Provided data>
..........

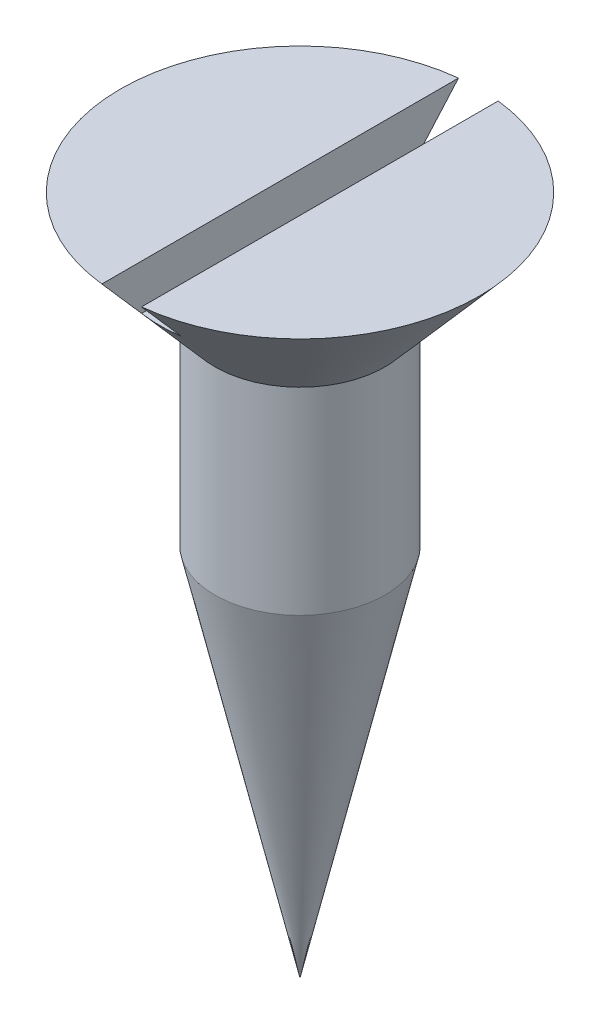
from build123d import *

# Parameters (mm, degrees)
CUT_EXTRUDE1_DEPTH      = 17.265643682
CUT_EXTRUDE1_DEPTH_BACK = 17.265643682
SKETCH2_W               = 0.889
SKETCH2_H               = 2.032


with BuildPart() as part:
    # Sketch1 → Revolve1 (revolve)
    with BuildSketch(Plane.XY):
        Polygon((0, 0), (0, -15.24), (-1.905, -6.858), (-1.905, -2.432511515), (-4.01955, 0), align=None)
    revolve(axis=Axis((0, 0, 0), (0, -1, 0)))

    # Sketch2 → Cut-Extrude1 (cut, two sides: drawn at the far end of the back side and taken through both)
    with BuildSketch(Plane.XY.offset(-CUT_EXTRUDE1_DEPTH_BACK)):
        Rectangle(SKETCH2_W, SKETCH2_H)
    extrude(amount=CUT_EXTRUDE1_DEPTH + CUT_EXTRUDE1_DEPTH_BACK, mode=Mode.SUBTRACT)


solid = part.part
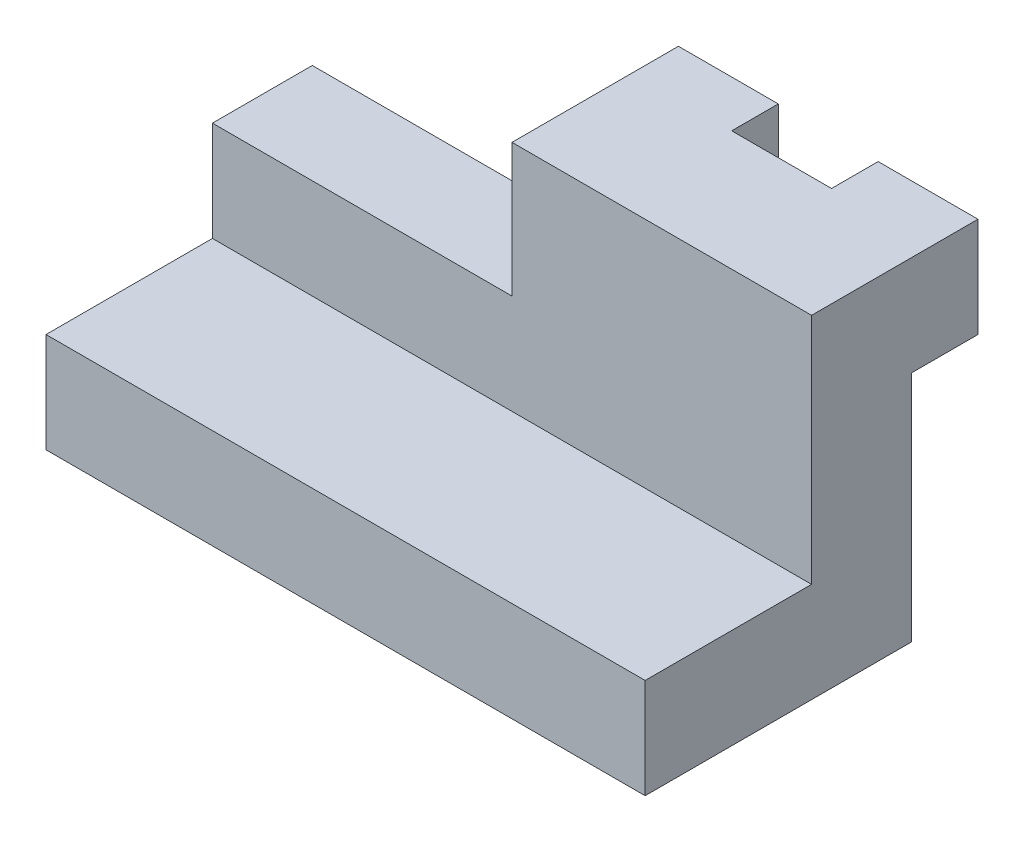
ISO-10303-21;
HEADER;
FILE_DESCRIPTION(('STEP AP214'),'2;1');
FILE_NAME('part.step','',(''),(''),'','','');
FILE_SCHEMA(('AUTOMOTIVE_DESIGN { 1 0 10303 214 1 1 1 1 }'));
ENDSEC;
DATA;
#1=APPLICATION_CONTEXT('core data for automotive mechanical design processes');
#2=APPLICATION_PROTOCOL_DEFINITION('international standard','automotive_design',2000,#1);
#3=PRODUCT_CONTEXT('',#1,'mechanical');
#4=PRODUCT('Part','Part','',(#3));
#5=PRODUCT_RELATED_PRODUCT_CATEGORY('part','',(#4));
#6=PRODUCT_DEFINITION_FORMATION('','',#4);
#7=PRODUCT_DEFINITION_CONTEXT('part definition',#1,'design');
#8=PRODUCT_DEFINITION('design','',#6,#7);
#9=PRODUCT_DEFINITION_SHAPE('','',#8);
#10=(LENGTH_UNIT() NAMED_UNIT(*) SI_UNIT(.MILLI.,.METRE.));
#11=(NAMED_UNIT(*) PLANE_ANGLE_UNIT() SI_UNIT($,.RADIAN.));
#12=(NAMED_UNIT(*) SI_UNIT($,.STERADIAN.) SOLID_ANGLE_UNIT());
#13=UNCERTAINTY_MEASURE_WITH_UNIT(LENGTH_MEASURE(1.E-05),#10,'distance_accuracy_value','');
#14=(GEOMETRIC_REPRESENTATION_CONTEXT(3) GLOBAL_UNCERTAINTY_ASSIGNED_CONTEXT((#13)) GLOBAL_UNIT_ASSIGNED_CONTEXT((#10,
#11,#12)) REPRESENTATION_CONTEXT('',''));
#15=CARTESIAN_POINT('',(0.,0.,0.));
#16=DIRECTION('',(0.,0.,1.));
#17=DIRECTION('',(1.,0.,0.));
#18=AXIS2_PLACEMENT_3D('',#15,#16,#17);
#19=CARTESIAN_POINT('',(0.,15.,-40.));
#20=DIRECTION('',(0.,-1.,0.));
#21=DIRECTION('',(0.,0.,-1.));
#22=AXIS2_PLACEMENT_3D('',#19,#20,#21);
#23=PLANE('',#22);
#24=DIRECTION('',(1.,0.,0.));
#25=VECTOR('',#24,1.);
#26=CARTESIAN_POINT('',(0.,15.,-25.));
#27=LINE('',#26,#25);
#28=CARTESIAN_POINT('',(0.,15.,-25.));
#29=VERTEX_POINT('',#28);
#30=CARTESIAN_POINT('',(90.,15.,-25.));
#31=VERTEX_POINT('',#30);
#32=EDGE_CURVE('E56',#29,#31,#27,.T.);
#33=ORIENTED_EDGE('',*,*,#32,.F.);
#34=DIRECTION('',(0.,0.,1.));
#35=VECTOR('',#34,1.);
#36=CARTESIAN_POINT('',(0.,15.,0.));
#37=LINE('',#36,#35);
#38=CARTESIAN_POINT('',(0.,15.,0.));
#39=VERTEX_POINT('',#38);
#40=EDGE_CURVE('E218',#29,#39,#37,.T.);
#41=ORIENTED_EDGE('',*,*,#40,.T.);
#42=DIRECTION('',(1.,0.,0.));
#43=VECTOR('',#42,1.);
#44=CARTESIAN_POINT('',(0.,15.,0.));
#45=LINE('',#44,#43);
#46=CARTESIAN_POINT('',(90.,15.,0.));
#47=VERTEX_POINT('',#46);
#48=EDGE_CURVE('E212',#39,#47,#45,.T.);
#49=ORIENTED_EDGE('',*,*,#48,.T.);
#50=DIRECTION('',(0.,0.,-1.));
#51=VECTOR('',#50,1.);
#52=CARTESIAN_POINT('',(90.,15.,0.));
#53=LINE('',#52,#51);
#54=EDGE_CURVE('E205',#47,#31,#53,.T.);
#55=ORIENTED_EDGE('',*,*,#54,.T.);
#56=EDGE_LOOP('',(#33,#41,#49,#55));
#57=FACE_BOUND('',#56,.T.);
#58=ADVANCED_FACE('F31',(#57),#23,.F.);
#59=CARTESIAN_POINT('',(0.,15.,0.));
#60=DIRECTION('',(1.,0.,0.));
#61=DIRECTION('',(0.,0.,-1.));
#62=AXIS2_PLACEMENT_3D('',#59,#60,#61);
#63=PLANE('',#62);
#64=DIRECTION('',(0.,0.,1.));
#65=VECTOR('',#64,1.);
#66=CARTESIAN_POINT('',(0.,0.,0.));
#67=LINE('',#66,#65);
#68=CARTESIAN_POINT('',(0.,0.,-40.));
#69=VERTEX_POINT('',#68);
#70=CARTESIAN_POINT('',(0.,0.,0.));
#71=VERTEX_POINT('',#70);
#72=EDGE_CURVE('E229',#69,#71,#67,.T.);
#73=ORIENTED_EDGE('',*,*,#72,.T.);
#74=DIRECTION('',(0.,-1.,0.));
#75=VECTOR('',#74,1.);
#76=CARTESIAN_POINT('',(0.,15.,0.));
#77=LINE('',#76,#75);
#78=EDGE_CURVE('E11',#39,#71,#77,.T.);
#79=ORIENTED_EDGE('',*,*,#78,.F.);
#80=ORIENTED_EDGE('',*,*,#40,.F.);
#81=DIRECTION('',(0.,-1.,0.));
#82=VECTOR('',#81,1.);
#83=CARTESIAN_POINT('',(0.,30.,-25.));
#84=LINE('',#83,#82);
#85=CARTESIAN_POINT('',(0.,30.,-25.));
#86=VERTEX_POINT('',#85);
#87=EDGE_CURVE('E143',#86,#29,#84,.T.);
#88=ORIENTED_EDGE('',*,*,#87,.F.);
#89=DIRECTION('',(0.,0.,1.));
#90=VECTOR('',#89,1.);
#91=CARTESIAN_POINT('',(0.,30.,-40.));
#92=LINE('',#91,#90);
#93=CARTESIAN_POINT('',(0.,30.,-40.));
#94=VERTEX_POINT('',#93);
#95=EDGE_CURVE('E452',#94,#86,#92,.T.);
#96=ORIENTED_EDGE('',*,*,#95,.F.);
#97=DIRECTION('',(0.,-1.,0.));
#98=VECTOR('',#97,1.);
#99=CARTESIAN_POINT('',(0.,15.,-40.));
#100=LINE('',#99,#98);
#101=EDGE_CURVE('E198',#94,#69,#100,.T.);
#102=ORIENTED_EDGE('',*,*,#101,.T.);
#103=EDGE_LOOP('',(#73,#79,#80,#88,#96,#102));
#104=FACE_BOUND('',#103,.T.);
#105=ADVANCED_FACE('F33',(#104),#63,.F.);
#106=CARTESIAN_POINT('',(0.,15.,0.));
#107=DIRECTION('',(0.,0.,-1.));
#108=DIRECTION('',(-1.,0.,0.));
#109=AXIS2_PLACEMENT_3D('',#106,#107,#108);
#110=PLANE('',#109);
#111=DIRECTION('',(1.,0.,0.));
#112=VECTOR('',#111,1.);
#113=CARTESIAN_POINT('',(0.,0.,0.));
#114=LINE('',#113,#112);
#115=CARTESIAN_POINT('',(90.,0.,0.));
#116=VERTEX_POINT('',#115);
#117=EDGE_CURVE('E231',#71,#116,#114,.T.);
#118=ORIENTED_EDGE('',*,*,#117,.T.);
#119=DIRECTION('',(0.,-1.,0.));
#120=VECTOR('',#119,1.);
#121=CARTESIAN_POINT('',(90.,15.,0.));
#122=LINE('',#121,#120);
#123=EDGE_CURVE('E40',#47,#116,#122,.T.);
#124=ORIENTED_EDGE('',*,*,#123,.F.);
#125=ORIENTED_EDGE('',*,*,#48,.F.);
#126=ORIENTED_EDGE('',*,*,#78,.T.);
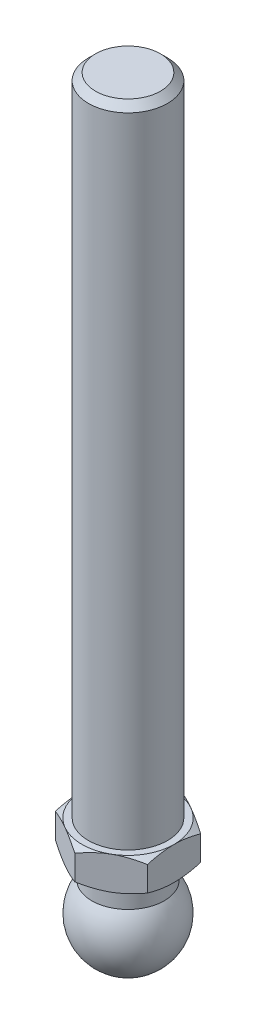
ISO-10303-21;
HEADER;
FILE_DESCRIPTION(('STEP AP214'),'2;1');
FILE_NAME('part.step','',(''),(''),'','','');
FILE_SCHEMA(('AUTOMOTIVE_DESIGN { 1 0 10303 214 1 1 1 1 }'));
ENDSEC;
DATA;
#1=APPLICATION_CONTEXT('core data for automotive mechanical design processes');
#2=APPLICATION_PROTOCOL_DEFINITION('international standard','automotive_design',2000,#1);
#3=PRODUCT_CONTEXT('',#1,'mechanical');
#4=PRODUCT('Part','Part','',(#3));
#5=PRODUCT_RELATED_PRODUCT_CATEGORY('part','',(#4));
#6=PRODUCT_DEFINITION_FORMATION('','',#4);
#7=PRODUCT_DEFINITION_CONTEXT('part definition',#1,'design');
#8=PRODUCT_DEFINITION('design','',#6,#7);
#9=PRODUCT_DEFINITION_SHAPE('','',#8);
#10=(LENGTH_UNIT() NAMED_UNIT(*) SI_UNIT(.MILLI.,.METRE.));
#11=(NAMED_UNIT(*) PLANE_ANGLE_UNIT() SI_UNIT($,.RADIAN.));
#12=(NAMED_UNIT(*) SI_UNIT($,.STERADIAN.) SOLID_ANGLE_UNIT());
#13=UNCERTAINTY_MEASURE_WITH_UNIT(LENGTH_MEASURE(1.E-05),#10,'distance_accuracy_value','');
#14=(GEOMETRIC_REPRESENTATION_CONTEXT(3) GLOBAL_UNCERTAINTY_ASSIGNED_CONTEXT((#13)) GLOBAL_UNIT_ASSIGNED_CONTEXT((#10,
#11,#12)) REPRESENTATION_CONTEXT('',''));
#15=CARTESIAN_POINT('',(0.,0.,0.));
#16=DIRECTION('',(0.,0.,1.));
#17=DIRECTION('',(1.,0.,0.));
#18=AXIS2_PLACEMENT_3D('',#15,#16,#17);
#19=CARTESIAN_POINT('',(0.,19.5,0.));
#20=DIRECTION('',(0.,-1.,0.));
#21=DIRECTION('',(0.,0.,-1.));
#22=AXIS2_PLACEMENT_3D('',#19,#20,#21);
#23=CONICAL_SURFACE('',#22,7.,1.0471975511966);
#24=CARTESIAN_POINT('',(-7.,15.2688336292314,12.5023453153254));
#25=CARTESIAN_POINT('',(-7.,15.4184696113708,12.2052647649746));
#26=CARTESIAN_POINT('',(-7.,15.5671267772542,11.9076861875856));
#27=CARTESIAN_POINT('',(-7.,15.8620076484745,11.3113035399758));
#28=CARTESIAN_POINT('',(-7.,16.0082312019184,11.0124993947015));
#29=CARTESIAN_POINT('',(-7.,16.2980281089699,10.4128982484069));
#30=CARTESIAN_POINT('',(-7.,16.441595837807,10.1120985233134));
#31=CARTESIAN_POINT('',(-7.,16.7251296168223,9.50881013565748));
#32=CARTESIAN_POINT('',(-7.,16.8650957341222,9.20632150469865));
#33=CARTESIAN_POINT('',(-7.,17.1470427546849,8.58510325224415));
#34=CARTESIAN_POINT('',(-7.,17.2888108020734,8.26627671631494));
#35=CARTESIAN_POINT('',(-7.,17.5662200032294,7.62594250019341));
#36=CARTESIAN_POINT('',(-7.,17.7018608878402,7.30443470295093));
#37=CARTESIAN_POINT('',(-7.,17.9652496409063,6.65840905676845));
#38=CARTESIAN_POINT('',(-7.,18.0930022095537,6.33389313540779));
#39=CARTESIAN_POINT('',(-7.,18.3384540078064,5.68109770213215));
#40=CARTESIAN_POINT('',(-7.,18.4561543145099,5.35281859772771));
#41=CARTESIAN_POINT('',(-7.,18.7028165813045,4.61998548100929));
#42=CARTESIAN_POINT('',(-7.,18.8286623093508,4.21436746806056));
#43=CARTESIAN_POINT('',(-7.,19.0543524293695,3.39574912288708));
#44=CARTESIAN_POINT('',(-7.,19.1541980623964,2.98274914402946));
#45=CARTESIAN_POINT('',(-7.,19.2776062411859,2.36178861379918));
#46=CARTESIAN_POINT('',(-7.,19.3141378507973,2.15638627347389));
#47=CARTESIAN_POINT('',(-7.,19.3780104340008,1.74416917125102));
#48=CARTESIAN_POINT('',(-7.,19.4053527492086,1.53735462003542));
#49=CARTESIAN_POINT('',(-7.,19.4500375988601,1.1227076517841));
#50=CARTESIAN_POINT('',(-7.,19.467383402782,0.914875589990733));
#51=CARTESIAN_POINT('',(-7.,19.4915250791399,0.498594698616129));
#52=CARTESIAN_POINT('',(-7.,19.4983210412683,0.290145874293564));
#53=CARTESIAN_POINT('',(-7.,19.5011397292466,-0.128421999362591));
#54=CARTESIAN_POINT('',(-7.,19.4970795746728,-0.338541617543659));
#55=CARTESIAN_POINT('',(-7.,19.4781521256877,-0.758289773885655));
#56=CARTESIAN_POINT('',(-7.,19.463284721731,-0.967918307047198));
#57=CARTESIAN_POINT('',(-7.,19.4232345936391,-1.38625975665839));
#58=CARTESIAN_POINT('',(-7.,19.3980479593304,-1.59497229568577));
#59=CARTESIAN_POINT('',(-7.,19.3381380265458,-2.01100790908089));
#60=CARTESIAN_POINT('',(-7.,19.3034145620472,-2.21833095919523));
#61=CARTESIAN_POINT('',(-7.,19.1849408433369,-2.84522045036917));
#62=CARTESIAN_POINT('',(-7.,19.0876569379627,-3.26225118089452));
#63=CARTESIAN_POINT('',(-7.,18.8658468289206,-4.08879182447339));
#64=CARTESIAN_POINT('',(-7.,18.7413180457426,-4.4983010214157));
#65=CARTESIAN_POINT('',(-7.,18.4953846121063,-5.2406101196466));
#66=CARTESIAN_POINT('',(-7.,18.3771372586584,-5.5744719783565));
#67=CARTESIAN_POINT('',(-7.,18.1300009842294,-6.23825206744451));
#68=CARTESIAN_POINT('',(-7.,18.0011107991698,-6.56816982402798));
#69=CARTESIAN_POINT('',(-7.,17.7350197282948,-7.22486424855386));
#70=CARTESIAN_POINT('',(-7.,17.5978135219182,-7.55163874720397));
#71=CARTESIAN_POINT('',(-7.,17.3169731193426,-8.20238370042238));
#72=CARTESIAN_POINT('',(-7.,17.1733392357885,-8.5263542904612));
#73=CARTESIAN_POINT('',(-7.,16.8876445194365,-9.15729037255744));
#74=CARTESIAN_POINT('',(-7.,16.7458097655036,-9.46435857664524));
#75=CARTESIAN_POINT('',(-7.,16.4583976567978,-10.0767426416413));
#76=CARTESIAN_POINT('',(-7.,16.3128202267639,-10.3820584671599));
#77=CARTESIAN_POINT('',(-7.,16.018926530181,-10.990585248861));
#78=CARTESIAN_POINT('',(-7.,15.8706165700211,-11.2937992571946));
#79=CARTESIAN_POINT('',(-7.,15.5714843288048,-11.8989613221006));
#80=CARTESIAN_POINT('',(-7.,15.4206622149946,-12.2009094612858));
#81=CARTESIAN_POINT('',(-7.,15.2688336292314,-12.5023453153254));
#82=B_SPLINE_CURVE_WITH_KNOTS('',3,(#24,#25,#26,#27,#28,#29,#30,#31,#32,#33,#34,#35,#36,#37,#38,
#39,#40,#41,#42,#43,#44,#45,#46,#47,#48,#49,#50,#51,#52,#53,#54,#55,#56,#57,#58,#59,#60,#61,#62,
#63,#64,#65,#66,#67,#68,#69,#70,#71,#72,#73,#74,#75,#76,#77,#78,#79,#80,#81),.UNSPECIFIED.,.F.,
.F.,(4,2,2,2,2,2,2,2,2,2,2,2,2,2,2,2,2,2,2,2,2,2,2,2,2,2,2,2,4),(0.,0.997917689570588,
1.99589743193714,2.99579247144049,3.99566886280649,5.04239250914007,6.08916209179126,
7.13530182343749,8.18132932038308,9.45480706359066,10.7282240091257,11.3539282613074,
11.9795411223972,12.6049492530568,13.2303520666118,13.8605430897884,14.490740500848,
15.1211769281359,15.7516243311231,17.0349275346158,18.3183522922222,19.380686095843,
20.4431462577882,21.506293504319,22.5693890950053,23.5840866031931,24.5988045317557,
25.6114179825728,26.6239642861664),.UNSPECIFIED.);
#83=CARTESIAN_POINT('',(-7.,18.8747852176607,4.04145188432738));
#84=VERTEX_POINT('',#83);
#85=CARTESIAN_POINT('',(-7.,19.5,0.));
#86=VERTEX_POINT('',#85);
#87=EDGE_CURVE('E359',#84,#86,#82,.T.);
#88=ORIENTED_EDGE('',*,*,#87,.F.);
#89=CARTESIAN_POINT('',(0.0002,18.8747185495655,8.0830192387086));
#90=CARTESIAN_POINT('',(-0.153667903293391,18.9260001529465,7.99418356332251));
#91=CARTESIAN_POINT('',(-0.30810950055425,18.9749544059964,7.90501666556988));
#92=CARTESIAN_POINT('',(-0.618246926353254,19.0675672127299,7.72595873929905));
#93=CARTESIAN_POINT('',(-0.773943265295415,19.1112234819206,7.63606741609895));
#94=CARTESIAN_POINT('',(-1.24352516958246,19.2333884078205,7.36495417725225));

..........

Exercise> Omitting all pictures, restate exactly the lines of the material from its start through the line that contains "revolve(axis=Axis((0, 0, 0), (0, -1, 0)))".

The completed task>
from build123d import *

# Parameters (mm, degrees)
CUT_EXTRUDE1_DEPTH      = 17.265643682
CUT_EXTRUDE1_DEPTH_BACK = 17.265643682
SKETCH2_W               = 0.889
SKETCH2_H               = 2.032


with BuildPart() as part:
    # Sketch1 → Revolve1 (revolve)
    with BuildSketch(Plane.XY):
        Polygon((0, 0), (0, -15.24), (-1.905, -6.858), (-1.905, -2.432511515), (-4.01955, 0), align=None)
    revolve(axis=Axis((0, 0, 0), (0, -1, 0)))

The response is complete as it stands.